Search the data for the word "diagram" and copy each line that has it.

Records from a data collection:

◆ ◆ ◆ ◆ ◆ ◆ ◆

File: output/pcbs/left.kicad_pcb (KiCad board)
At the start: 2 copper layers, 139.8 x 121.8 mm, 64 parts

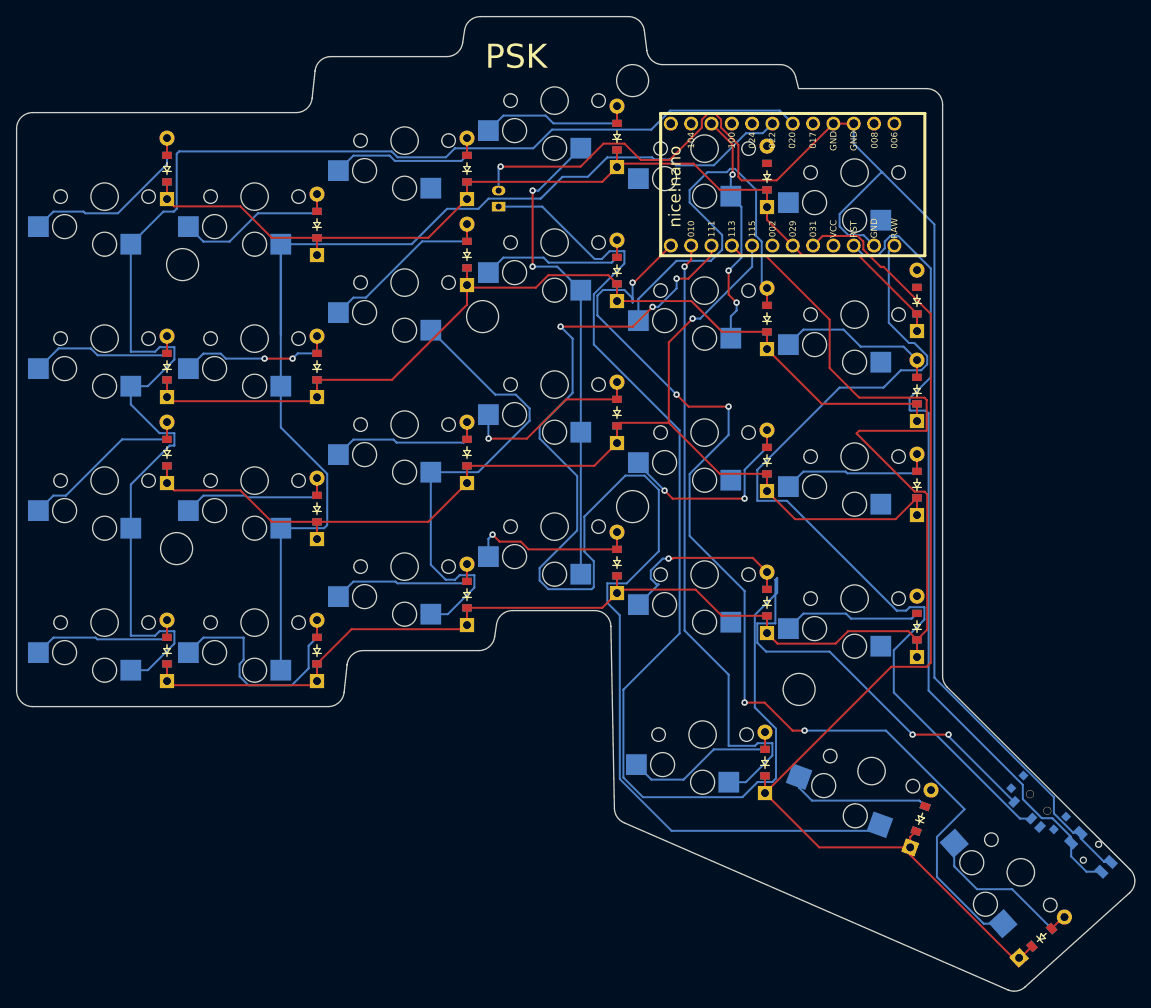
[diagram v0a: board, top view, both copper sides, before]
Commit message: clean slate, regenerated without trash routes
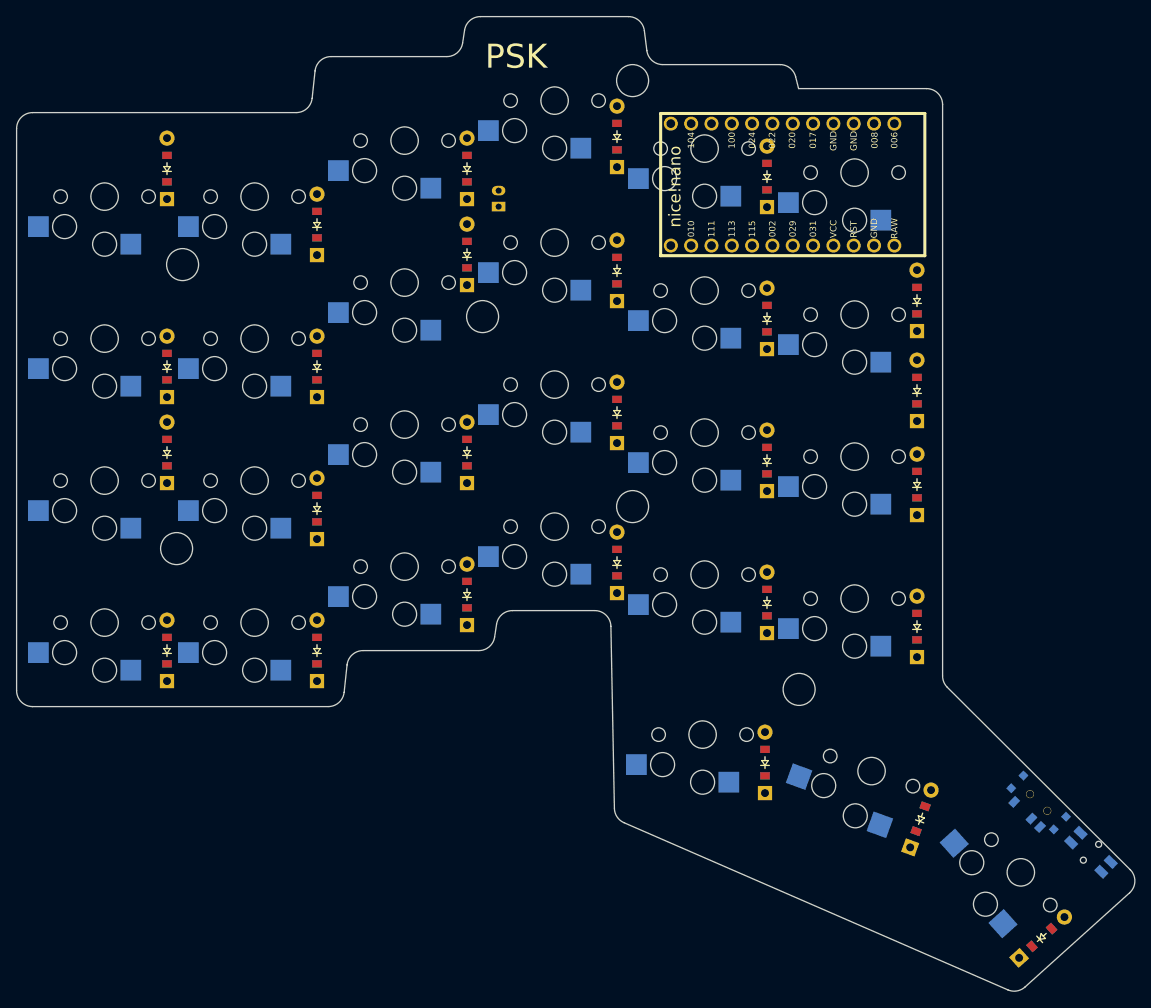
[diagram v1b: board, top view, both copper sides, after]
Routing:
- net pos: track 192.9 -> 0.00 mm, vias 2 -> 0
- net P113: track 192.4 -> 0.00 mm
- net GND: track 182.5 -> 0.00 mm, vias 1 -> 0
- net P020: track 173.7 -> 0.00 mm
- net P111: track 167.7 -> 0.00 mm, vias 3 -> 0
- net P115: track 144.3 -> 0.00 mm, vias 1 -> 0
- net P022: track 141.1 -> 0.00 mm
- net P031: track 138.5 -> 0.00 mm
- net P009: track 133.9 -> 0.00 mm, vias 5 -> 0
- net P029: track 119.5 -> 0.00 mm
- net P002: track 119.1 -> 0.00 mm
- net RAW: track 110.8 -> 0.00 mm
- net RST: track 102.8 -> 0.00 mm
- net P010: track 79.1 -> 0.00 mm, vias 1 -> 0
- net P100: track 60.5 -> 0.00 mm, vias 2 -> 0
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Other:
- outline, holes or cut-outs redrawn
- net class Default added: clearance 0.2, trace_width 0.25, via_dia 0.8, via_drill 0.4

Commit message: routed left, removed top left mounting hole from left and right and yaml
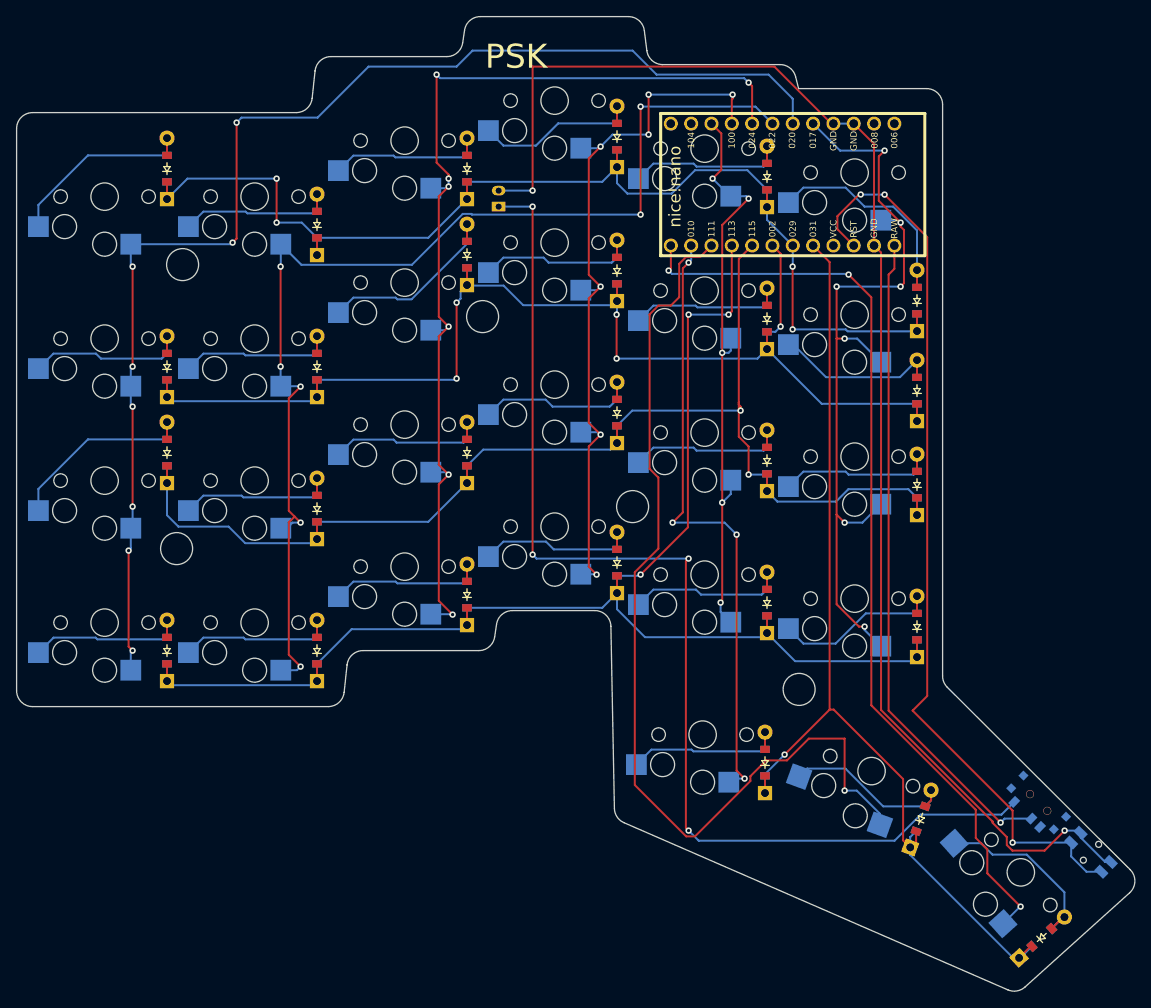
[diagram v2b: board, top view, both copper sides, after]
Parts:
- removed the ? at (166.0, 82.2)
- removed the ? at (186.8, 158.3)
- added ?: , HOLE_M2_TH, F.Cu at (186.8, 158.3)
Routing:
- net P113: track 0.00 -> 180.0 mm, vias 0 -> 3
- net GND: track 0.00 -> 177.2 mm, vias 0 -> 2
- net P115: track 0.00 -> 160.9 mm, vias 0 -> 2
- net P020: track 0.00 -> 160.9 mm, vias 0 -> 8
- net P002: track 0.00 -> 155.5 mm, vias 0 -> 5
- net P029: track 0.00 -> 148.1 mm, vias 0 -> 4
- net pos: track 0.00 -> 145.0 mm, vias 0 -> 4
- net P022: track 0.00 -> 143.2 mm, vias 0 -> 7
- net P024: track 0.00 -> 125.9 mm, vias 0 -> 7
- net P031: track 0.00 -> 125.5 mm, vias 0 -> 1
- net P111: track 0.00 -> 122.0 mm, vias 0 -> 1
- net P009: track 0.00 -> 116.9 mm, vias 0 -> 3
- net RST: track 0.00 -> 114.3 mm, vias 0 -> 3
- net P017: track 0.00 -> 101.0 mm, vias 0 -> 7
- net P100: track 0.00 -> 92.6 mm, vias 0 -> 7
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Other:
- outline, holes or cut-outs redrawn
- net class Default removed

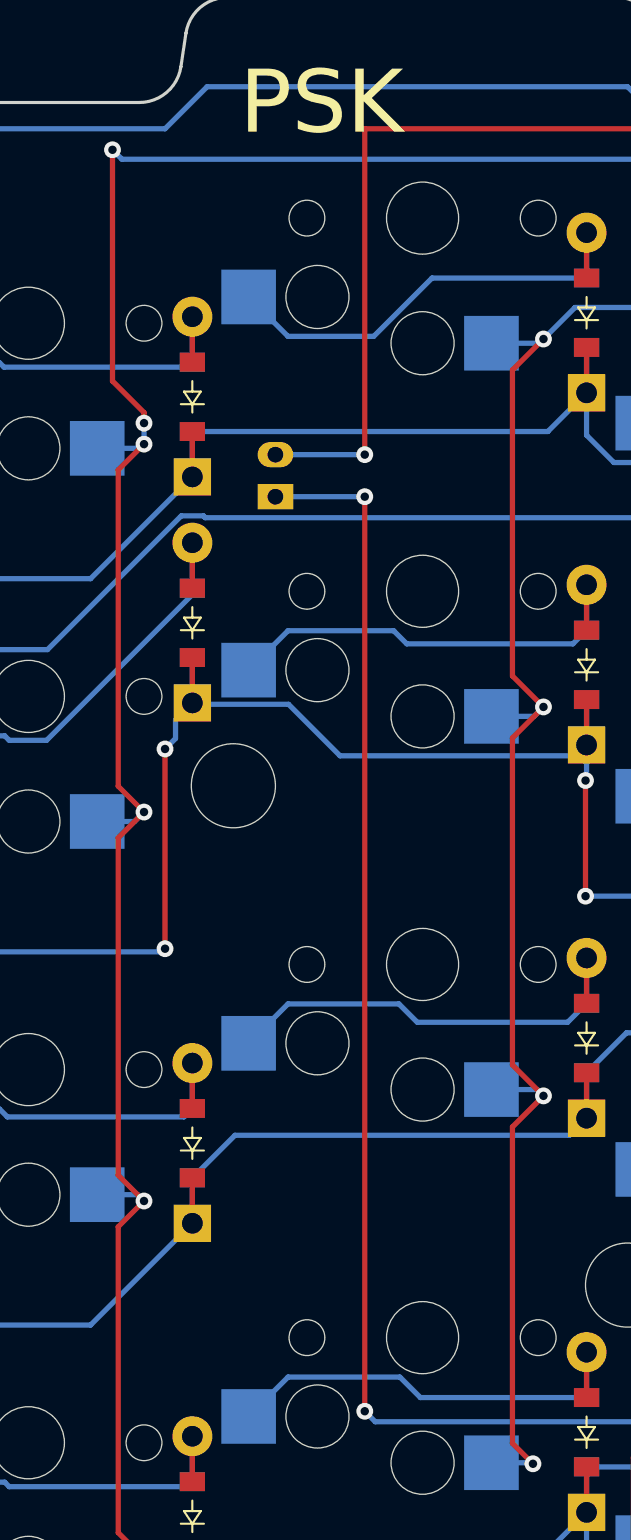
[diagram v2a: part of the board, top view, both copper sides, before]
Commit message: routed left and right, DRC passed
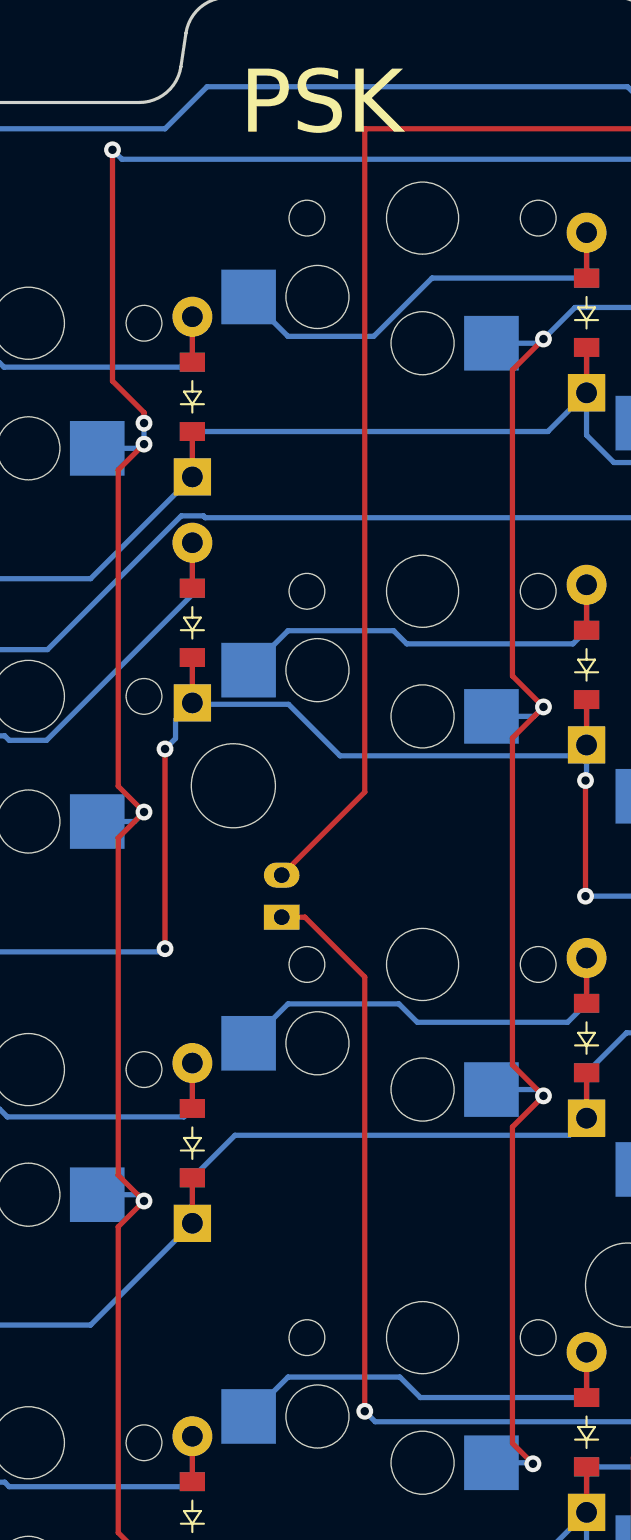
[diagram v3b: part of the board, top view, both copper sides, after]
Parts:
- moved JST1 20.0 mm to (149.6, 117.0)
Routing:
- net pos: track 145.0 -> 123.0 mm, vias 4 -> 3
- net GND: track 177.2 -> 194.6 mm, vias 2 -> 1
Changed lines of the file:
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@@
 	(footprint "JST_PH_S2B-PH-K_02x2.00mm_Angled"
 		(layer "F.Cu")
-		(at 149.25 97 90)
+		(at 149.55 117 90)
 		(descr "JST PH series connector, S2B-PH-K, side entry type, through hole, Datasheet: http://www.jst-mfg.com/product/pdf/eng/ePH.pdf")
 		(tags "connector jst ph")
@@
 	)
 	(segment
-		(start 183.717257 80.5)
-		(end 190.847257 87.63)
-		(width 0.25)
-		(layer "F.Cu")
-		(net 43)
-	)
-	(segment
 		(start 196.18 90.17)
 		(end 196.18 102.87)
@@
 	)
 	(segment
-		(start 153.5 96)
+		(start 153.5 112.05)
 		(end 153.5 80.5)
 		(width 0.25)
@@
 	)
 	(segment
-		(start 153.5 80.5)
-		(end 183.717257 80.5)
+		(start 183.717257 80.5)
+		(end 190.847257 87.63)
 		(width 0.25)
 		(layer "F.Cu")
@@
 	)
 	(segment
-		(start 211 174.863604)
-		(end 211 175.025305)
+		(start 149.55 116)
+		(end 153.5 112.05)
 		(width 0.25)
 		(layer "F.Cu")
@@
 	)
 	(segment
-		(start 212.775 177.800305)
-		(end 213.474695 178.5)
+		(start 153.5 80.5)
+		(end 183.717257 80.5)
 		(width 0.25)
 		(layer "F.Cu")
@@
 	)
 	(segment
-		(start 211 175.025305)
-		(end 212.775 176.800305)
+		(start 190.847257 87.63)
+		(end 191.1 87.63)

◆ ◆ ◆ ◆ ◆ ◆ ◆

_Solved exercise_
[diagram v0a: board, top view, both copper sides, before]
[diagram v1b: board, top view, both copper sides, after]
[diagram v2b: board, top view, both copper sides, after]
[diagram v2a: part of the board, top view, both copper sides, before]
[diagram v3b: part of the board, top view, both copper sides, after]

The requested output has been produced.